What are the traits for hepatitis E virus?

A

Unenveloped, ssRNA virus spread through fecal oral route

High mortality rate in infected pregnant women

85
Q

The binding of programmed cell death protein 1 (PD-1) to one of its ligands (PD-L1) downregulates the immune response by?

A

Inhibiting cytotoxic T cells.

Many types of cancers evade immunodetection by increasing expression of PD-L1 on their surface.

Monoclonal antibodies against PD-1 upregulate the T cell response and promote tumor cell apoptosis.

86
Q

Aspergillus fumigatus shows what on biopsy?

A

This fungus produces thin, septate hyphae with acute, V shaped branching, causing invasive aspergillosis, aspergillomas, and allergic bronchopulmonary aspergillosis.

Immunosuppressed are at risk.

87
Q

The anterior cerebral artery supplies what?

A

The medial aspects of the frontal and parietal lobes

88
Q

Occulsion of the anterior cerebral artery can lead to?

A

Sensory and motor deficits of the contralateral leg.

Occulsion of the anterior cerebral artery distal to the anterior communicating artery can lead to more severe symptoms because there is no collateral blood flow from the Circle of Willis

89
Q

Amlodipine is a dihydropyridine calcium channel blocker commonly used as monotherapy or in combination with other agents for treatment of hypertension. What are the major side effects?

A

Headache, flushing, dizziness, and peripheral edema.

90
Q

What is pulsus paradoxus?

A

A decrease in systolic blood pressure of >10 mmHg with inspiration

91
Q

Where is pulsis paradoxus most commonly seen?

A

In patients with cardiac tamponade but can also occur in severe asthma, chronic obstructive pulmonary disease, and constrictive pericarditis.

92
Q

What are the causes of pulsus paradoxus in the absence of significant pericardial disease?

A

Asthma and chronic obstructive pulmonary disease (COPD)

93
Q

How do beta-adrenergic agonists work to control acute asthma and COPD exacerbations?

A

By causing bronchial smooth muscle relaxation via increased intracellular cAMP

94
Q

What is acute disseminated intravascular coagulation?

A

It is a consumptive coagulopathy linked to severe trauma.

Widespread formation of microvascular thrombi leads to consumption of platelets, coagulation factors, and fibrinogen.

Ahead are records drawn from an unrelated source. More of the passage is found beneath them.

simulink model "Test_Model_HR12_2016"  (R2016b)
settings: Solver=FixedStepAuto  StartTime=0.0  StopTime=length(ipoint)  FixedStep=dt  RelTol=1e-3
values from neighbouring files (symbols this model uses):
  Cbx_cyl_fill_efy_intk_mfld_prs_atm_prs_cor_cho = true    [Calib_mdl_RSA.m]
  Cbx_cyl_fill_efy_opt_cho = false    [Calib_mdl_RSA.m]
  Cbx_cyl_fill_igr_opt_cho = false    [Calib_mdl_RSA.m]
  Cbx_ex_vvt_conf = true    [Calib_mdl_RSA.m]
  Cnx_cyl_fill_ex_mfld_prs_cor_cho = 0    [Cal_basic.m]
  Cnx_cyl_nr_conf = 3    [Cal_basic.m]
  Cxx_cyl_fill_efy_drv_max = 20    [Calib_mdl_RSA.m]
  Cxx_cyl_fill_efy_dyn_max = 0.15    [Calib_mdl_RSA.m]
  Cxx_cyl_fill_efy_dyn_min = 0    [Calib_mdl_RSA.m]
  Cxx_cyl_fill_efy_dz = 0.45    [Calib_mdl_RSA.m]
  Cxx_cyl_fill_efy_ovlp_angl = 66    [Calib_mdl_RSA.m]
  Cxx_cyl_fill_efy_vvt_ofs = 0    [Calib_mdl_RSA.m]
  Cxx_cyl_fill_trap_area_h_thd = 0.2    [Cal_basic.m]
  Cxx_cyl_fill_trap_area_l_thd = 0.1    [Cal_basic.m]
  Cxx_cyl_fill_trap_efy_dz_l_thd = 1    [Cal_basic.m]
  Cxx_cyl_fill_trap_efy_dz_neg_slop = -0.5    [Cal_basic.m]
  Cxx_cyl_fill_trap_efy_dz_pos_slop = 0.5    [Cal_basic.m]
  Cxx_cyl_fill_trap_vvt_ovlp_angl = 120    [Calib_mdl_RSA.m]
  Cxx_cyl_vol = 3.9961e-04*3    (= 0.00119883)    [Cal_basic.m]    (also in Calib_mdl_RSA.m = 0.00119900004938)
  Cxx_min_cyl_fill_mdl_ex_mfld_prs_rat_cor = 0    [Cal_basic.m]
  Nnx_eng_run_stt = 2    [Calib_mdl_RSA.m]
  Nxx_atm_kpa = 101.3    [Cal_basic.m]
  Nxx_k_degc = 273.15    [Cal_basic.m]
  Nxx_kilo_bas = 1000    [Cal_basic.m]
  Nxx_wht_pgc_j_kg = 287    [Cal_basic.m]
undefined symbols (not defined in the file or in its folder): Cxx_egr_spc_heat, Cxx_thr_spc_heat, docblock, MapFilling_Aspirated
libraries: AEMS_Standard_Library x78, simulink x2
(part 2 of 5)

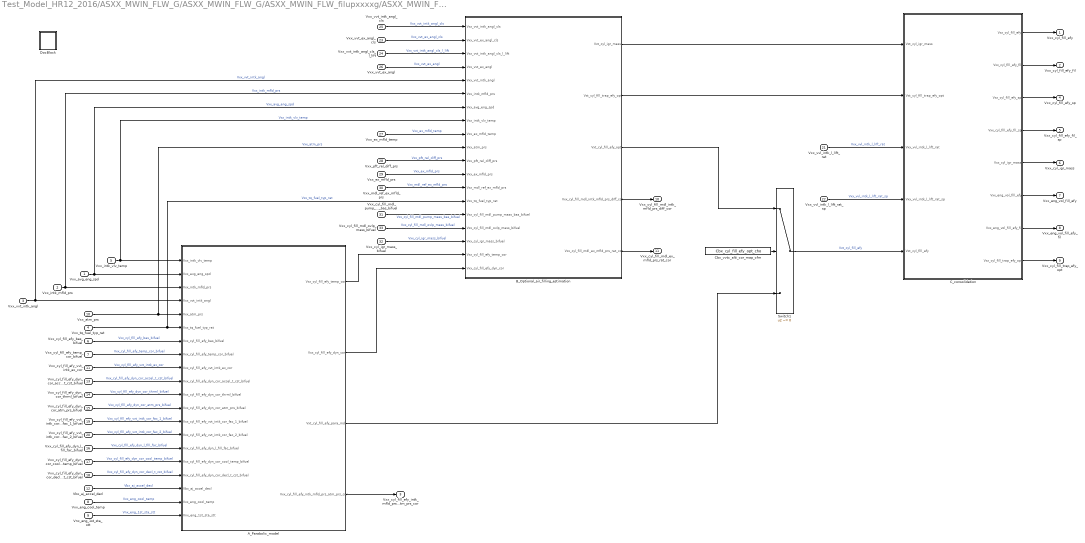
== system Test_Model_HR12_2016/ASXX_MWIN_FLW_G/ASXX_MWIN_FLW_G/ASXX_MWIN_FLW_filupxxxxg/ASXX_MWIN_FLW_filupxxxxg_10ms ==
  Vxx_avg_eng_spd : Inport  Interpolate=off
  Vxx_intk_mfld_prs : Inport  Port=2  Interpolate=off
  Vxx_vvt_intk_angl : Inport  Port=3  Interpolate=off
  Vxx_tq_fuel_typ_rat : Inport  Port=4  Interpolate=off
  Vxx_intk_vlv_temp : Inport  Port=5  Interpolate=off
  Vxx_cyl_fill_efy_bas_bifuel : Inport  Port=6  Interpolate=off
  Vxx_cyl_fill_efy_temp_cor_bifuel : Inport  Port=7  Interpolate=off
  Vxx_eng_cool_temp : Inport  Port=8  Interpolate=off
  Vnx_eng_1st_sta_stt : Inport  Port=9  Interpolate=off
  Vxx_atm_prs : Inport  Port=10  Interpolate=off
  Vxx_cyl_fill_efy_vvt_intk_ex_cor : Inport  Port=11  Interpolate=off
  Vbx_aj_accel_decl : Inport  Port=12  Interpolate=off
  Vxx_cyl_fill_efy_dyn_cor_accel_t_cst_bifuel : Inport  Port=13  Interpolate=off
  Vxx_cyl_fill_efy_dyn_cor_thrml_bifuel : Inport  Port=14  Interpolate=off
  Vxx_cyl_fill_efy_dyn_cor_atm_prs_bifuel : Inport  Port=15  Interpolate=off
  Vxx_cyl_fill_efy_dyn_l_fill_fac_bifuel : Inport  Port=16  Interpolate=off
  Vxx_cyl_fill_efy_dyn_cor_cool_temp_bifuel : Inport  Port=17  Interpolate=off
  Vxx_cyl_fill_efy_dyn_cor_decl_t_cst_bifuel : Inport  Port=18  Interpolate=off
  Vxx_cyl_fill_efy_vvt_intk_cor_fac_1_bifuel : Inport  Port=19  Interpolate=off
  Vxx_cyl_fill_efy_vvt_intk_cor_fac_2_bifuel : Inport  Port=20  Interpolate=off
  Vxx_vvl_intk_l_lift_rat : Inport  Port=21  Interpolate=off
  Vxx_vvl_intk_l_lift_rat_sp : Inport  Port=22  Interpolate=off
  Vxx_vvt_ex_angl_cls : Inport  Port=23  Interpolate=off
  Vxx_vvt_intk_angl_cls_l_lift : Inport  Port=24  Interpolate=off
  Vxx_vvt_intk_angl_cls : Inport  Port=25  Interpolate=off
  Vxx_vvt_ex_angl : Inport  Port=26  Interpolate=off
  Vxx_ex_mfld_temp : Inport  Port=27  Interpolate=off
  Vxx_pft_rel_diff_prs : Inport  Port=28  Interpolate=off
  Vxx_ex_mfld_prs : Inport  Port=29  Interpolate=off
  Vxx_mdl_ref_ex_mfld_prs : Inport  Port=30  Interpolate=off
  Vxx_cyl_fill_mdl_pump_mass_bas_bifuel : Inport  Port=31  Interpolate=off
  Vxx_cyl_igr_mass_bifuel : Inport  Port=32  Interpolate=off
  Vxx_cyl_fill_mdl_ovlp_mass_bifuel : Inport  Port=33  Interpolate=off
  A_Parabolic_model : Subsystem
  B_Optional_air_filling_estimation : Subsystem
  C_consolidation : Subsystem
  Cbx_vvtc_alti_cor_map_cfm : Constant  Value=Cbx_cyl_fill_efy_opt_cho
  DocBlock : Subsystem  mask(DocBlock){ECoderFlag=, DocumentType=Text}
      mask prompts: ECoderFlag "Simulink:blocks:docblockEmbeddedCoderFlagLabel"; DocumentType "Simulink:blocks:docblockDocTypeLabel"
      mask help: Use this block to save long descriptive text with the model. Double-clicking the block will open an editor.
      mask TypeOptions DocumentType: Text | RTF | HTML
      mask Display:
      | plot([.8 0 0 1 1 .8 .8 1],[1 1 0 0 .8 1 .8 .8]);
      | text(.5,.6,'DOC','horizontalalignment','center');
      | text(.95,.05,get_param(gcb,'DocumentType'),'verticalalignment','bottom','horizontalalignment','right');
  Switch1 : Switch  Criteria=u2 ~= 0  RndMeth=Zero  SaturateOnIntegerOverflow=on  InputSameDT=on
      settings: AttributesFormatString=Criteria=%<Criteria>
  Vxx_cyl_fill_efy : Outport  InitialOutput=1
      settings: AttributesFormatString=<initial=%<InitialOutput>>\n<whendisabled=%<OutputWhenDisabled>>
  Vxx_cyl_fill_efy_fil : Outport  Port=2  InitialOutput=1
      settings: AttributesFormatString=<initial=%<InitialOutput>>\n<whendisabled=%<OutputWhenDisabled>>
  Vxx_cyl_fill_efy_intk_mfld_prs_atm_prs_cor : Outport  Port=3  InitialOutput=101.3
      settings: AttributesFormatString=<initial=%<InitialOutput>>\n<whendisabled=%<OutputWhenDisabled>>
  Vxx_cyl_fill_efy_sp : Outport  Port=4  InitialOutput=1
      settings: AttributesFormatString=<initial=%<InitialOutput>>\n<whendisabled=%<OutputWhenDisabled>>
  Vxx_cyl_fill_efy_fil_sp : Outport  Port=5  InitialOutput=1
      settings: AttributesFormatString=<initial=%<InitialOutput>>\n<whendisabled=%<OutputWhenDisabled>>
  Vxx_cyl_igr_mass : Outport  Port=6  InitialOutput=0
      settings: AttributesFormatString=<initial=%<InitialOutput>>\n<whendisabled=%<OutputWhenDisabled>>
  Vxx_eng_vol_fill_efy : Outport  Port=7  InitialOutput=1
      settings: AttributesFormatString=<initial=%<InitialOutput>>\n<whendisabled=%<OutputWhenDisabled>>
  Vxx_eng_vol_fill_efy_fil : Outport  Port=8  InitialOutput=1
      settings: AttributesFormatString=<initial=%<InitialOutput>>\n<whendisabled=%<OutputWhenDisabled>>
  Vxx_cyl_fill_trap_efy_opt : Outport  Port=9  InitialOutput=1
      settings: AttributesFormatString=<initial=%<InitialOutput>>\n<whendisabled=%<OutputWhenDisabled>>
  Vxx_cyl_fill_mdl_intk_mfld_prs_diff_cor : Outport  Port=10  InitialOutput=0
      settings: AttributesFormatString=<initial=%<InitialOutput>>\n<whendisabled=%<OutputWhenDisabled>>
  Vxx_cyl_fill_mdl_ex_mfld_prs_rat_cor : Outport  Port=11  InitialOutput=1
      settings: AttributesFormatString=<initial=%<InitialOutput>>\n<whendisabled=%<OutputWhenDisabled>>
  wires:
  Cbx_vvtc_alti_cor_map_cfm/1 -> Switch1/2
  Vxx_vvt_ex_angl_cls/1 -> B_Optional_air_filling_estimation/2(Vxx_vvt_ex_angl_cls)  "Vxx_vvt_ex_angl_cls"
  Vxx_vvt_intk_angl_cls_l_lift/1 -> B_Optional_air_filling_estimation/3(Vxx_vvt_intk_angl_cls_l_lift)  "Vxx_vvt_intk_angl_cls_l_lift"
  Vxx_vvt_intk_angl_cls/1 -> B_Optional_air_filling_estimation/1(Vxx_vvt_intk_angl_cls)  "Vxx_vvt_intk_angl_cls"
  Vxx_vvt_ex_angl/1 -> B_Optional_air_filling_estimation/4(Vxx_vvt_ex_angl)  "Vxx_vvt_ex_angl"
  Vxx_avg_eng_spd/1 -> A_Parabolic_model/2(Vxx_avg_eng_spd), B_Optional_air_filling_estimation/7(Vxx_avg_eng_spd)  "Vxx_avg_eng_spd"
  Vxx_intk_mfld_prs/1 -> B_Optional_air_filling_estimation/6(Vxx_intk_mfld_prs), A_Parabolic_model/3(Vxx_intk_mfld_prs)  "Vxx_intk_mfld_prs"
  Vxx_vvt_intk_angl/1 -> B_Optional_air_filling_estimation/5(Vxx_vvt_intk_angl), A_Parabolic_model/4(Vxx_vvt_intk_angl)  "Vxx_vvt_intk_angl"
  Vxx_tq_fuel_typ_rat/1 -> B_Optional_air_filling_estimation/14(Vxx_tq_fuel_typ_rat), A_Parabolic_model/6(Vxx_tq_fuel_typ_rat)  "Vxx_tq_fuel_typ_rat"
  Vxx_intk_vlv_temp/1 -> A_Parabolic_model/1(Vxx_intk_vlv_temp), B_Optional_air_filling_estimation/8(Vxx_intk_vlv_temp)  "Vxx_intk_vlv_temp"
  Vxx_cyl_fill_efy_bas_bifuel/1 -> A_Parabolic_model/7(Vxx_cyl_fill_efy_bas_bifuel)  "Vxx_cyl_fill_efy_bas_bifuel"
  Vxx_cyl_fill_efy_temp_cor_bifuel/1 -> A_Parabolic_model/8(Vxx_cyl_fill_efy_temp_cor_bifuel)  "Vxx_cyl_fill_efy_temp_cor_bifuel"
  Vxx_eng_cool_temp/1 -> A_Parabolic_model/19(Vxx_eng_cool_temp)  "Vxx_eng_cool_temp"
  Vnx_eng_1st_sta_stt/1 -> A_Parabolic_model/20(Vnx_eng_1st_sta_stt)  "Vnx_eng_1st_sta_stt"
  Vxx_atm_prs/1 -> A_Parabolic_model/5(Vxx_atm_prs), B_Optional_air_filling_estimation/10(Vxx_atm_prs)  "Vxx_atm_prs"
  Vxx_cyl_fill_efy_vvt_intk_ex_cor/1 -> A_Parabolic_model/9(Vxx_cyl_fill_efy_vvt_intk_ex_cor)  "Vxx_cyl_fill_efy_vvt_intk_ex_cor"
  Vbx_aj_accel_decl/1 -> A_Parabolic_model/18(Vbx_aj_accel_decl)  "Vbx_aj_accel_decl"
  Vxx_cyl_fill_efy_dyn_cor_accel_t_cst_bifuel/1 -> A_Parabolic_model/10(Vxx_cyl_fill_efy_dyn_cor_accel_t_cst_bifuel)  "Vxx_cyl_fill_efy_dyn_cor_accel_t_cst_bifuel"
  Vxx_cyl_fill_efy_dyn_cor_thrml_bifuel/1 -> A_Parabolic_model/11(Vxx_cyl_fill_efy_dyn_cor_thrml_bifuel)  "Vxx_cyl_fill_efy_dyn_cor_thrml_bifuel"
  Vxx_cyl_fill_efy_dyn_cor_atm_prs_bifuel/1 -> A_Parabolic_model/12(Vxx_cyl_fill_efy_dyn_cor_atm_prs_bifuel)  "Vxx_cyl_fill_efy_dyn_cor_atm_prs_bifuel"
  Vxx_cyl_fill_efy_dyn_l_fill_fac_bifuel/1 -> A_Parabolic_model/15(Vxx_cyl_fill_efy_dyn_l_fill_fac_bifuel)  "Vxx_cyl_fill_efy_dyn_l_fill_fac_bifuel"
  Vxx_cyl_fill_efy_dyn_cor_cool_temp_bifuel/1 -> A_Parabolic_model/16(Vxx_cyl_fill_efy_dyn_cor_cool_temp_bifuel)  "Vxx_cyl_fill_efy_dyn_cor_cool_temp_bifuel"
  Vxx_cyl_fill_efy_dyn_cor_decl_t_cst_bifuel/1 -> A_Parabolic_model/17(Vxx_cyl_fill_efy_dyn_cor_decl_t_cst_bifuel)  "Vxx_cyl_fill_efy_dyn_cor_decl_t_cst_bifuel"
  Vxx_cyl_fill_efy_vvt_intk_cor_fac_1_bifuel/1 -> A_Parabolic_model/13(Vxx_cyl_fill_efy_vvt_intk_cor_fac_1_bifuel)  "Vxx_cyl_fill_efy_vvt_intk_cor_fac_1_bifuel"
  Vxx_cyl_fill_efy_vvt_intk_cor_fac_2_bifuel/1 -> A_Parabolic_model/14(Vxx_cyl_fill_efy_vvt_intk_cor_fac_2_bifuel)  "Vxx_cyl_fill_efy_vvt_intk_cor_fac_2_bifuel"
  A_Parabolic_model/4(Vxx_cyl_fill_efy_intk_mfld_prs_atm_prs_cor) -> Vxx_cyl_fill_efy_intk_mfld_prs_atm_prs_cor/1
  A_Parabolic_model/3(Vxt_cyl_fill_efy_para_mdl) -> Switch1/3
  Switch1/1 -> C_consolidation/5(Vxt_cyl_fill_efy)  "Vxt_cyl_fill_efy"
  Vxx_vvl_intk_l_lift_rat/1 -> C_consolidation/3(Vxx_vvl_intk_l_lift_rat)  "Vxx_vvl_intk_l_lift_rat"
  Vxx_vvl_intk_l_lift_rat_sp/1 -> C_consolidation/4(Vxx_vvl_intk_l_lift_rat_sp)  "Vxx_vvl_intk_l_lift_rat_sp"
  B_Optional_air_filling_estimation/1(Vxt_cyl_igr_mass) -> C_consolidation/1(Vxt_cyl_igr_mass)
  B_Optional_air_filling_estimation/2(Vxt_cyl_fill_trap_efy_opt) -> C_consolidation/2(Vxt_cyl_fill_trap_efy_opt)
  C_consolidation/1(Vxx_cyl_fill_efy) -> Vxx_cyl_fill_efy/1
  C_consolidation/2(Vxx_cyl_fill_efy_fil) -> Vxx_cyl_fill_efy_fil/1
  C_consolidation/3(Vxx_cyl_fill_efy_sp) -> Vxx_cyl_fill_efy_sp/1
  C_consolidation/4(Vxx_cyl_fill_efy_fil_sp) -> Vxx_cyl_fill_efy_fil_sp/1
  C_consolidation/5(Vxx_cyl_igr_mass) -> Vxx_cyl_igr_mass/1
  C_consolidation/6(Vxx_eng_vol_fill_efy) -> Vxx_eng_vol_fill_efy/1
  C_consolidation/7(Vxx_eng_vol_fill_efy_fil) -> Vxx_eng_vol_fill_efy_fil/1
  C_consolidation/8(Vxx_cyl_fill_trap_efy_opt) -> Vxx_cyl_fill_trap_efy_opt/1
  Vxx_ex_mfld_temp/1 -> B_Optional_air_filling_estimation/9(Vxx_ex_mfld_temp)  "Vxx_ex_mfld_temp"
  Vxx_pft_rel_diff_prs/1 -> B_Optional_air_filling_estimation/11(Vxx_pft_rel_diff_prs)  "Vxx_pft_rel_diff_prs"
  Vxx_ex_mfld_prs/1 -> B_Optional_air_filling_estimation/12(Vxx_ex_mfld_prs)  "Vxx_ex_mfld_prs"
  Vxx_mdl_ref_ex_mfld_prs/1 -> B_Optional_air_filling_estimation/13(Vxx_mdl_ref_ex_mfld_prs)  "Vxx_mdl_ref_ex_mfld_prs"
  B_Optional_air_filling_estimation/3(Vxt_cyl_fill_efy_opt) -> Switch1/1
  Vxx_cyl_fill_mdl_pump_mass_bas_bifuel/1 -> B_Optional_air_filling_estimation/15(Vxx_cyl_fill_mdl_pump_mass_bas_bifuel)  "Vxx_cyl_fill_mdl_pump_mass_bas_bifuel"
  Vxx_cyl_fill_mdl_ovlp_mass_bifuel/1 -> B_Optional_air_filling_estimation/16(Vxx_cyl_fill_mdl_ovlp_mass_bifuel)  "Vxx_cyl_fill_mdl_ovlp_mass_bifuel"
  Vxx_cyl_igr_mass_bifuel/1 -> B_Optional_air_filling_estimation/17(Vxx_cyl_igr_mass_bifuel)  "Vxx_cyl_igr_mass_bifuel"
  A_Parabolic_model/2(Vxx_cyl_fill_efy_dyn_cor) -> B_Optional_air_filling_estimation/19(Vxx_cyl_fill_efy_dyn_cor)
  A_Parabolic_model/1(Vxx_cyl_fill_efy_temp_cor) -> B_Optional_air_filling_estimation/18(Vxx_cyl_fill_efy_temp_cor)
  B_Optional_air_filling_estimation/5(Vxx_cyl_fill_mdl_ex_mfld_prs_rat_cor) -> Vxx_cyl_fill_mdl_ex_mfld_prs_rat_cor/1
  B_Optional_air_filling_estimation/4(Vxx_cyl_fill_mdl_intk_mfld_prs_diff_cor) -> Vxx_cyl_fill_mdl_intk_mfld_prs_diff_cor/1

== system Test_Model_HR12_2016/ASXX_MWIN_FLW_G/ASXX_MWIN_FLW_G/ASXX_MWIN_FLW_pumpflwxxg/ASXX_MWIN_FLW_pumpflwxxg_10ms ==
  note: g/s
  note: mg/strk
  note: kg/strk
  Vxx_cyl_fill_efy : Inport  Interpolate=off
  Vxx_min_intk_mfld_prs_pump_flow : Inport  Port=2  Interpolate=off
  Vxx_intk_mfld_prs : Inport  Port=3  Interpolate=off
  Vxx_intk_vlv_temp : Inport  Port=4  Interpolate=off
  Vxx_mgstr_gs_convs : Inport  Port=5  Interpolate=off
  Calibration1 : Constant  Value=1000000  OutDataTypeStr=single
  Cxx_cyl_nr3 : Constant  Value=Cnx_cyl_nr_conf
  Cxx_cyl_vol : Constant  Value=Cxx_cyl_vol
  DocBlock : Subsystem  mask(DocBlock){ECoderFlag=, DocumentType=Text}
      mask prompts: ECoderFlag "Simulink:blocks:docblockEmbeddedCoderFlagLabel"; DocumentType "Simulink:blocks:docblockDocTypeLabel"
      mask help: Use this block to save long descriptive text with the model. Double-clicking the block will open an editor.
      mask TypeOptions DocumentType: Text | RTF | HTML
      mask Display:
      | plot([.8 0 0 1 1 .8 .8 1],[1 1 0 0 .8 1 .8 .8]);
      | text(.5,.6,'DOC','horizontalalignment','center');
      | text(.95,.05,get_param(gcb,'DocumentType'),'verticalalignment','bottom','horizontalalignment','right');
  Nxx_k_degc : Constant  Value=Nxx_k_degc
  Nxx_k_degc1 : Constant  Value=Nxx_kilo_bas
  Nxx_wht_pgc1 : Constant  Value=Nxx_wht_pgc_j_kg
  Product{1..2,4..6,11} (6 alike) : Product  Inputs=**  OutDataTypeStr=Inherit: Inherit via back propagation  RndMeth=Zero
  Product14 : Product  Inputs=/*  OutDataTypeStr=Inherit: Inherit via back propagation  RndMeth=Zero
  Product3 : Product  Inputs=*/  OutDataTypeStr=Inherit: Inherit via back propagation  RndMeth=Zero
  Saturation1 : Saturate  UpperLimit=2000  LowerLimit=0  RndMeth=Zero
      settings: AttributesFormatString=<limits=%<UpperLimit>/%<LowerLimit>>
  Saturation2 : Saturate  UpperLimit=12  LowerLimit=3  RndMeth=Zero
      settings: AttributesFormatString=<limits=%<UpperLimit>/%<LowerLimit>>
  Saturation3 : Saturate  UpperLimit=135794.05  LowerLimit=66914.05  RndMeth=Zero
      settings: AttributesFormatString=<limits=%<UpperLimit>/%<LowerLimit>>
  Sum : Sum  Inputs=+-  OutDataTypeStr=Inherit: Inherit via back propagation  RndMeth=Zero  InputSameDT=on
  Sum3 : Sum  OutDataTypeStr=Inherit: Inherit via back propagation  RndMeth=Zero  InputSameDT=on
  Vxx_cyl_pump_flow : Outport  InitialOutput=0
      settings: AttributesFormatString=<initial=%<InitialOutput>>\n<whendisabled=%<OutputWhenDisabled>>
  wires:
  Vxx_intk_vlv_temp/1 -> Sum3/1  "Vxx_intk_vlv_temp"
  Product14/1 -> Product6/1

Most patients have bleeding complications (eg, oozing from venipuncture/catheter sites) and end organ damages to the lungs and kidneys.

95
Q

What are the labs for disseminated intravascular coagulation?

A

low protein C/S and fibrinolysis elevated D-dimer

96
Q

What is the most common cause of elevated platelet count in all age groups?

A

Reactive thrombocytosis

97
Q

What is reactive thrombocytosis caused by?

A

Caused by high levels of inflammatory cytokines (eg, IL-6) which prompt the liver to release thrombopoietin.

Seen in chronic infection, rheumatologic disease, and burns; can also occur with hemolysis and iron deficiency anemia.

98
Q

Tubular fluid concentration along the proximal tubule goes in the order of?

A

Creatinine
Urea
Sodium or Potassium
Bicarbonate
Glucose or Amino acids

The concentrations of creatinine and urea increase as fluid runs along the proximal tubule, whereas the concentrations of bicarbonate, glucose, and amino acids decrease. Sodium and potassium are reabsorbed with water in the proximal tubule, resulting in no concentration change.

99
Q

Anterior humerus dislocation will show what symptoms and what nerve injury?

A

Flattening of the deltoid muscle with acromial prominence after a shoulder injury suggests an anterior humerus dislocation.

This injury most commonly results from a blow to an externally rotated and abducted arm.

There is often associated axillary nerve injury, resulting in deltoid paralysis and loss of sensation over the lateral shoulder.

100
Q

Prolonged use of GnRH receptor agonists (eg, leuprolide) will do what?

A

Continuously administered GnRH receptor agonists (eg, leuprolide) initially stimulate pituitary FSH and ovarian estrogren secretion.

However, prolonged use eventually inhibits endogenous GnRH release and downregulares pituitary GnRH receptors, causing decreased GnRH, FSH, and estrogen levels.

The resulting hypogonadotropic, hypogonadal state induces amenorrhea, thereby improving dysmenorrhea associated with endometriosis.